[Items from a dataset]
============================================================
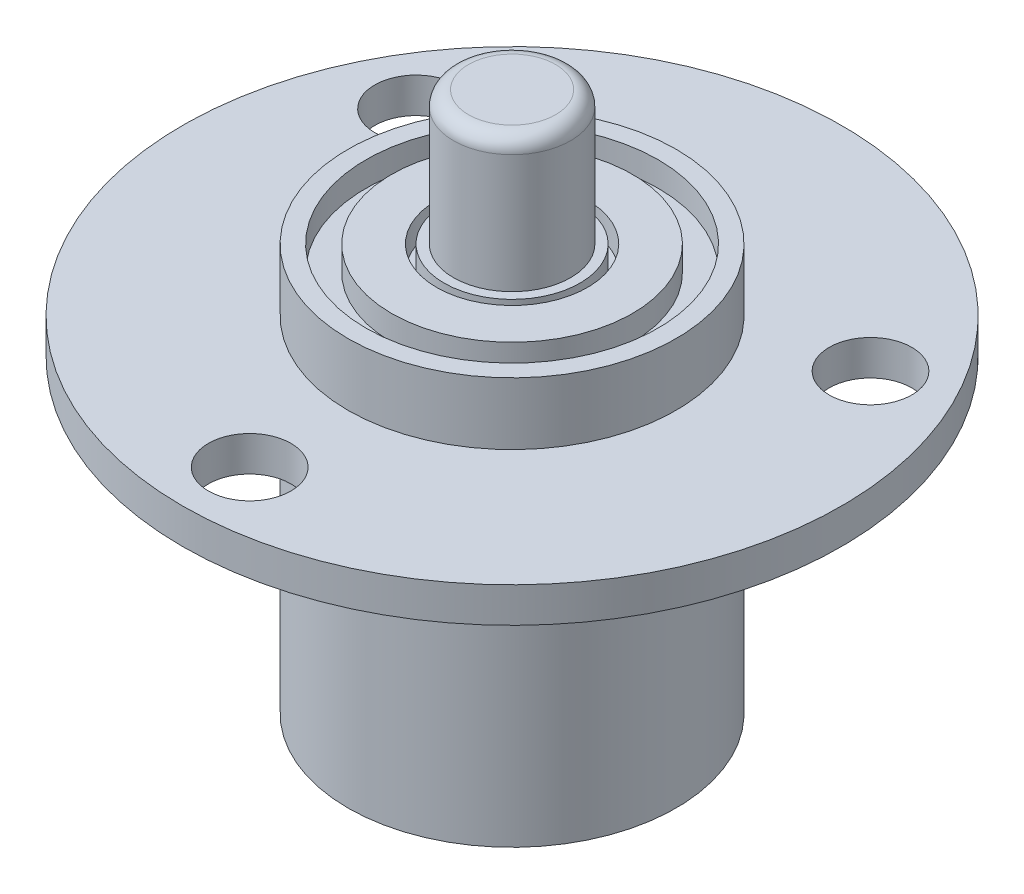
ISO-10303-21;
HEADER;
FILE_DESCRIPTION(('STEP AP214'),'2;1');
FILE_NAME('part.step','',(''),(''),'','','');
FILE_SCHEMA(('AUTOMOTIVE_DESIGN { 1 0 10303 214 1 1 1 1 }'));
ENDSEC;
DATA;
#1=APPLICATION_CONTEXT('core data for automotive mechanical design processes');
#2=APPLICATION_PROTOCOL_DEFINITION('international standard','automotive_design',2000,#1);
#3=PRODUCT_CONTEXT('',#1,'mechanical');
#4=PRODUCT('Part','Part','',(#3));
#5=PRODUCT_RELATED_PRODUCT_CATEGORY('part','',(#4));
#6=PRODUCT_DEFINITION_FORMATION('','',#4);
#7=PRODUCT_DEFINITION_CONTEXT('part definition',#1,'design');
#8=PRODUCT_DEFINITION('design','',#6,#7);
#9=PRODUCT_DEFINITION_SHAPE('','',#8);
#10=(LENGTH_UNIT() NAMED_UNIT(*) SI_UNIT(.MILLI.,.METRE.));
#11=(NAMED_UNIT(*) PLANE_ANGLE_UNIT() SI_UNIT($,.RADIAN.));
#12=(NAMED_UNIT(*) SI_UNIT($,.STERADIAN.) SOLID_ANGLE_UNIT());
#13=UNCERTAINTY_MEASURE_WITH_UNIT(LENGTH_MEASURE(1.E-05),#10,'distance_accuracy_value','');
#14=(GEOMETRIC_REPRESENTATION_CONTEXT(3) GLOBAL_UNCERTAINTY_ASSIGNED_CONTEXT((#13)) GLOBAL_UNIT_ASSIGNED_CONTEXT((#10,
#11,#12)) REPRESENTATION_CONTEXT('',''));
#15=CARTESIAN_POINT('',(0.,0.,0.));
#16=DIRECTION('',(0.,0.,1.));
#17=DIRECTION('',(1.,0.,0.));
#18=AXIS2_PLACEMENT_3D('',#15,#16,#17);
#19=CARTESIAN_POINT('',(0.,2.34,0.));
#20=DIRECTION('',(0.,-1.,0.));
#21=DIRECTION('',(0.,0.,-1.));
#22=AXIS2_PLACEMENT_3D('',#19,#20,#21);
#23=CYLINDRICAL_SURFACE('',#22,21.95);
#24=CARTESIAN_POINT('',(0.,2.34,0.));
#25=DIRECTION('',(0.,1.,0.));
#26=DIRECTION('',(0.,0.,1.));
#27=AXIS2_PLACEMENT_3D('',#24,#25,#26);
#28=CIRCLE('',#27,21.95);
#29=CARTESIAN_POINT('',(0.,2.34,21.95));
#30=VERTEX_POINT('',#29);
#31=EDGE_CURVE('E81',#30,#30,#28,.T.);
#32=ORIENTED_EDGE('',*,*,#31,.F.);
#33=EDGE_LOOP('',(#32));
#34=FACE_BOUND('',#33,.T.);
#35=CARTESIAN_POINT('',(0.,0.,0.));
#36=DIRECTION('',(0.,1.,0.));
#37=DIRECTION('',(0.,0.,1.));
#38=AXIS2_PLACEMENT_3D('',#35,#36,#37);
#39=CIRCLE('',#38,21.95);
#40=CARTESIAN_POINT('',(0.,0.,21.95));
#41=VERTEX_POINT('',#40);
#42=EDGE_CURVE('E76',#41,#41,#39,.T.);
#43=ORIENTED_EDGE('',*,*,#42,.T.);
#44=EDGE_LOOP('',(#43));
#45=FACE_BOUND('',#44,.T.);
#46=ADVANCED_FACE('F51',(#34,#45),#23,.T.);
#47=CARTESIAN_POINT('',(0.,2.34,0.));
#48=DIRECTION('',(0.,1.,0.));
#49=DIRECTION('',(0.,0.,1.));
#50=AXIS2_PLACEMENT_3D('',#47,#48,#49);
#51=PLANE('',#50);
#52=CARTESIAN_POINT('',(-15.133793931133,2.34,-8.73750000000007));
#53=DIRECTION('',(0.,1.,0.));
#54=DIRECTION('',(0.,0.,1.));
#55=AXIS2_PLACEMENT_3D('',#52,#53,#54);
#56=CIRCLE('',#55,2.75);
#57=CARTESIAN_POINT('',(-15.133793931133,2.34,-5.98750000000007));
#58=VERTEX_POINT('',#57);
#59=EDGE_CURVE('E103',#58,#58,#56,.T.);
#60=ORIENTED_EDGE('',*,*,#59,.F.);
#61=EDGE_LOOP('',(#60));
#62=FACE_BOUND('',#61,.T.);
#63=CARTESIAN_POINT('',(15.1337939311331,2.34,-8.73749999999986));
#64=DIRECTION('',(0.,1.,0.));
#65=DIRECTION('',(0.,0.,1.));
#66=AXIS2_PLACEMENT_3D('',#63,#64,#65);
#67=CIRCLE('',#66,2.75);
#68=CARTESIAN_POINT('',(15.1337939311331,2.34,-5.98749999999986));
#69=VERTEX_POINT('',#68);
#70=EDGE_CURVE('E107',#69,#69,#67,.T.);
#71=ORIENTED_EDGE('',*,*,#70,.F.);
#72=EDGE_LOOP('',(#71));
#73=FACE_BOUND('',#72,.T.);
#74=CARTESIAN_POINT('',(0.,2.34,17.475));
#75=DIRECTION('',(0.,1.,0.));
#76=DIRECTION('',(0.,0.,1.));
#77=AXIS2_PLACEMENT_3D('',#74,#75,#76);
#78=CIRCLE('',#77,2.75);
#79=CARTESIAN_POINT('',(0.,2.34,20.225));
#80=VERTEX_POINT('',#79);
#81=EDGE_CURVE('E95',#80,#80,#78,.T.);
#82=ORIENTED_EDGE('',*,*,#81,.F.);
#83=EDGE_LOOP('',(#82));
#84=FACE_BOUND('',#83,.T.);
#85=CARTESIAN_POINT('',(0.,2.33999999999999,0.));
#86=DIRECTION('',(0.,1.,0.));
#87=DIRECTION('',(0.,0.,1.));
#88=AXIS2_PLACEMENT_3D('',#85,#86,#87);
#89=CIRCLE('',#88,10.925);
#90=CARTESIAN_POINT('',(0.,2.33999999999999,10.925));
#91=VERTEX_POINT('',#90);
#92=EDGE_CURVE('E69',#91,#91,#89,.T.);
#93=ORIENTED_EDGE('',*,*,#92,.F.);
#94=EDGE_LOOP('',(#93));
#95=FACE_BOUND('',#94,.T.);
#96=ORIENTED_EDGE('',*,*,#31,.T.);
#97=EDGE_LOOP('',(#96));
#98=FACE_BOUND('',#97,.T.);
#99=ADVANCED_FACE('F192',(#62,#73,#84,#95,#98),#51,.T.);
#100=CARTESIAN_POINT('',(0.,0.,0.));
#101=DIRECTION('',(0.,1.,0.));
#102=DIRECTION('',(0.,0.,1.));
#103=AXIS2_PLACEMENT_3D('',#100,#101,#102);
#104=PLANE('',#103);
#105=CARTESIAN_POINT('',(-15.133793931133,0.,-8.73750000000007));
#106=DIRECTION('',(0.,-1.,0.));
#107=DIRECTION('',(0.866025403784436,0.,0.500000000000004));
#108=AXIS2_PLACEMENT_3D('',#105,#106,#107);
#109=CIRCLE('',#108,2.75);
#110=CARTESIAN_POINT('',(-12.7522240707258,0.,-7.36250000000006));
#111=VERTEX_POINT('',#110);
#112=EDGE_CURVE('E111',#111,#111,#109,.T.);
#113=ORIENTED_EDGE('',*,*,#112,.F.);
#114=EDGE_LOOP('',(#113));
#115=FACE_BOUND('',#114,.T.);
#116=CARTESIAN_POINT('',(15.1337939311331,0.,-8.73749999999986));
#117=DIRECTION('',(0.,-1.,0.));
#118=DIRECTION('',(-0.866025403784443,0.,0.499999999999992));
#119=AXIS2_PLACEMENT_3D('',#116,#117,#118);
#120=CIRCLE('',#119,2.75);
#121=CARTESIAN_POINT('',(12.7522240707259,0.,-7.36249999999988));
#122=VERTEX_POINT('',#121);
#123=EDGE_CURVE('E112',#122,#122,#120,.T.);
#124=ORIENTED_EDGE('',*,*,#123,.F.);
#125=EDGE_LOOP('',(#124));
#126=FACE_BOUND('',#125,.T.);
#127=CARTESIAN_POINT('',(0.,0.,17.475));
#128=DIRECTION('',(0.,-1.,0.));
#129=DIRECTION('',(0.,0.,-1.));
#130=AXIS2_PLACEMENT_3D('',#127,#128,#129);
#131=CIRCLE('',#130,2.75);
#132=CARTESIAN_POINT('',(0.,0.,14.725));
#133=VERTEX_POINT('',#132);
#134=EDGE_CURVE('E99',#133,#133,#131,.T.);
#135=ORIENTED_EDGE('',*,*,#134,.F.);
#136=EDGE_LOOP('',(#135));
#137=FACE_BOUND('',#136,.T.);
#138=CARTESIAN_POINT('',(0.,0.,0.));
#139=DIRECTION('',(0.,1.,0.));
#140=DIRECTION('',(0.,0.,1.));
#141=AXIS2_PLACEMENT_3D('',#138,#139,#140);
#142=CIRCLE('',#141,10.925);
#143=CARTESIAN_POINT('',(0.,0.,10.925));
#144=VERTEX_POINT('',#143);
#145=EDGE_CURVE('E72',#144,#144,#142,.T.);
#146=ORIENTED_EDGE('',*,*,#145,.T.);
#147=EDGE_LOOP('',(#146));
#148=FACE_BOUND('',#147,.T.);
#149=ORIENTED_EDGE('',*,*,#42,.F.);
#150=EDGE_LOOP('',(#149));
#151=FACE_BOUND('',#150,.T.);
#152=ADVANCED_FACE('F197',(#115,#126,#137,#148,#151),#104,.F.);
#153=CARTESIAN_POINT('',(0.,-20.6,0.));
#154=DIRECTION('',(0.,1.,0.));
#155=DIRECTION('',(0.,0.,1.));
#156=AXIS2_PLACEMENT_3D('',#153,#154,#155);
#157=PLANE('',#156);
#158=CARTESIAN_POINT('',(0.,-20.6,0.));
#159=DIRECTION('',(0.,1.,0.));
#160=DIRECTION('',(0.,0.,1.));
#161=AXIS2_PLACEMENT_3D('',#158,#159,#160);
#162=CIRCLE('',#161,10.925);
#163=CARTESIAN_POINT('',(0.,-20.6,10.925));
#164=VERTEX_POINT('',#163);
#165=EDGE_CURVE('E77',#164,#164,#162,.F.);
#166=ORIENTED_EDGE('',*,*,#165,.T.);
#167=EDGE_LOOP('',(#166));
#168=FACE_BOUND('',#167,.T.);
#169=ADVANCED_FACE('F204',(#168),#157,.F.);
#170=CARTESIAN_POINT('',(0.,-72.1005663378521,0.));
#171=DIRECTION('',(0.,1.,0.));
#172=DIRECTION('',(0.,0.,1.));
#173=AXIS2_PLACEMENT_3D('',#170,#171,#172);
#174=CYLINDRICAL_SURFACE('',#173,10.925);
#175=ORIENTED_EDGE('',*,*,#165,.F.);
#176=EDGE_LOOP('',(#175));
#177=FACE_BOUND('',#176,.T.);
#178=ORIENTED_EDGE('',*,*,#145,.F.);
#179=EDGE_LOOP('',(#178));
#180=FACE_BOUND('',#179,.T.);
#181=ADVANCED_FACE('F210',(#177,#180),#174,.T.);
#182=ORIENTED_EDGE('',*,*,#92,.T.);
#183=EDGE_LOOP('',(#182));
#184=FACE_BOUND('',#183,.T.);
#185=CARTESIAN_POINT('',(0.,6.48,0.));
#186=DIRECTION('',(0.,1.,0.));
#187=DIRECTION('',(0.,0.,1.));
#188=AXIS2_PLACEMENT_3D('',#185,#186,#187);
#189=CIRCLE('',#188,10.925);
#190=CARTESIAN_POINT('',(0.,6.48,10.925));
#191=VERTEX_POINT('',#190);
#192=EDGE_CURVE('E91',#191,#191,#189,.T.);
#193=ORIENTED_EDGE('',*,*,#192,.F.);
#194=EDGE_LOOP('',(#193));
#195=FACE_BOUND('',#194,.T.);
#196=ADVANCED_FACE('F207',(#184,#195),#174,.T.);
#197=CARTESIAN_POINT('',(0.,6.48,0.));
#198=DIRECTION('',(0.,1.,0.));
#199=DIRECTION('',(0.,0.,1.));
#200=AXIS2_PLACEMENT_3D('',#197,#198,#199);
#201=PLANE('',#200);
#202=CARTESIAN_POINT('',(0.,6.48,0.));
#203=DIRECTION('',(0.,1.,0.));
#204=DIRECTION('',(0.,0.,1.));
#205=AXIS2_PLACEMENT_3D('',#202,#203,#204);
#206=CIRCLE('',#205,9.725);
#207=CARTESIAN_POINT('',(0.,6.48,9.725));
#208=VERTEX_POINT('',#207);
#209=EDGE_CURVE('E120',#208,#208,#206,.T.);
#210=ORIENTED_EDGE('',*,*,#209,.F.);
#211=EDGE_LOOP('',(#210));
#212=FACE_BOUND('',#211,.T.);
#213=ORIENTED_EDGE('',*,*,#192,.T.);
#214=EDGE_LOOP('',(#213));
#215=FACE_BOUND('',#214,.T.);
#216=ADVANCED_FACE('F173',(#212,#215),#201,.T.);
#217=CARTESIAN_POINT('',(0.,6.48,17.475));
#218=DIRECTION('',(0.,-1.,0.));
#219=DIRECTION('',(0.,0.,-1.));
#220=AXIS2_PLACEMENT_3D('',#217,#218,#219);
#221=CYLINDRICAL_SURFACE('',#220,2.75);
#222=ORIENTED_EDGE('',*,*,#81,.T.);
#223=EDGE_LOOP('',(#222));
#224=FACE_BOUND('',#223,.T.);
#225=ORIENTED_EDGE('',*,*,#134,.T.);
#226=EDGE_LOOP('',(#225));
#227=FACE_BOUND('',#226,.T.);
#228=ADVANCED_FACE('F216',(#224,#227),#221,.F.);
#229=CARTESIAN_POINT('',(15.1337939311331,6.48,-8.73749999999986));
#230=DIRECTION('',(0.,-1.,0.));
#231=DIRECTION('',(0.,0.,-1.));
#232=AXIS2_PLACEMENT_3D('',#229,#230,#231);
#233=CYLINDRICAL_SURFACE('',#232,2.75);
#234=ORIENTED_EDGE('',*,*,#70,.T.);
#235=EDGE_LOOP('',(#234));
#236=FACE_BOUND('',#235,.T.);
#237=ORIENTED_EDGE('',*,*,#123,.T.);
#238=EDGE_LOOP('',(#237));
#239=FACE_BOUND('',#238,.T.);
#240=ADVANCED_FACE('F188',(#236,#239),#233,.F.);
#241=CARTESIAN_POINT('',(-15.133793931133,6.48,-8.73750000000007));
#242=DIRECTION('',(0.,-1.,0.));
#243=DIRECTION('',(0.,0.,-1.));
#244=AXIS2_PLACEMENT_3D('',#241,#242,#243);
#245=CYLINDRICAL_SURFACE('',#244,2.75);
#246=ORIENTED_EDGE('',*,*,#59,.T.);
#247=EDGE_LOOP('',(#246));
#248=FACE_BOUND('',#247,.T.);
#249=ORIENTED_EDGE('',*,*,#112,.T.);
#250=EDGE_LOOP('',(#249));
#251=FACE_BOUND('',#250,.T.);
============================================================
Using the data above, repeat exactly the lines that begin at the line with "#182=ORIENTED_EDGE('',*,*,#92,.T.);" and end at the line with "#206=CIRCLE('',#205,9.725);", both ends included.

#182=ORIENTED_EDGE('',*,*,#92,.T.);
#183=EDGE_LOOP('',(#182));
#184=FACE_BOUND('',#183,.T.);
#185=CARTESIAN_POINT('',(0.,6.48,0.));
#186=DIRECTION('',(0.,1.,0.));
#187=DIRECTION('',(0.,0.,1.));
#188=AXIS2_PLACEMENT_3D('',#185,#186,#187);
#189=CIRCLE('',#188,10.925);
#190=CARTESIAN_POINT('',(0.,6.48,10.925));
#191=VERTEX_POINT('',#190);
#192=EDGE_CURVE('E91',#191,#191,#189,.T.);
#193=ORIENTED_EDGE('',*,*,#192,.F.);
#194=EDGE_LOOP('',(#193));
#195=FACE_BOUND('',#194,.T.);
#196=ADVANCED_FACE('F207',(#184,#195),#174,.T.);
#197=CARTESIAN_POINT('',(0.,6.48,0.));
#198=DIRECTION('',(0.,1.,0.));
#199=DIRECTION('',(0.,0.,1.));
#200=AXIS2_PLACEMENT_3D('',#197,#198,#199);
#201=PLANE('',#200);
#202=CARTESIAN_POINT('',(0.,6.48,0.));
#203=DIRECTION('',(0.,1.,0.));
#204=DIRECTION('',(0.,0.,1.));
#205=AXIS2_PLACEMENT_3D('',#202,#203,#204);
#206=CIRCLE('',#205,9.725);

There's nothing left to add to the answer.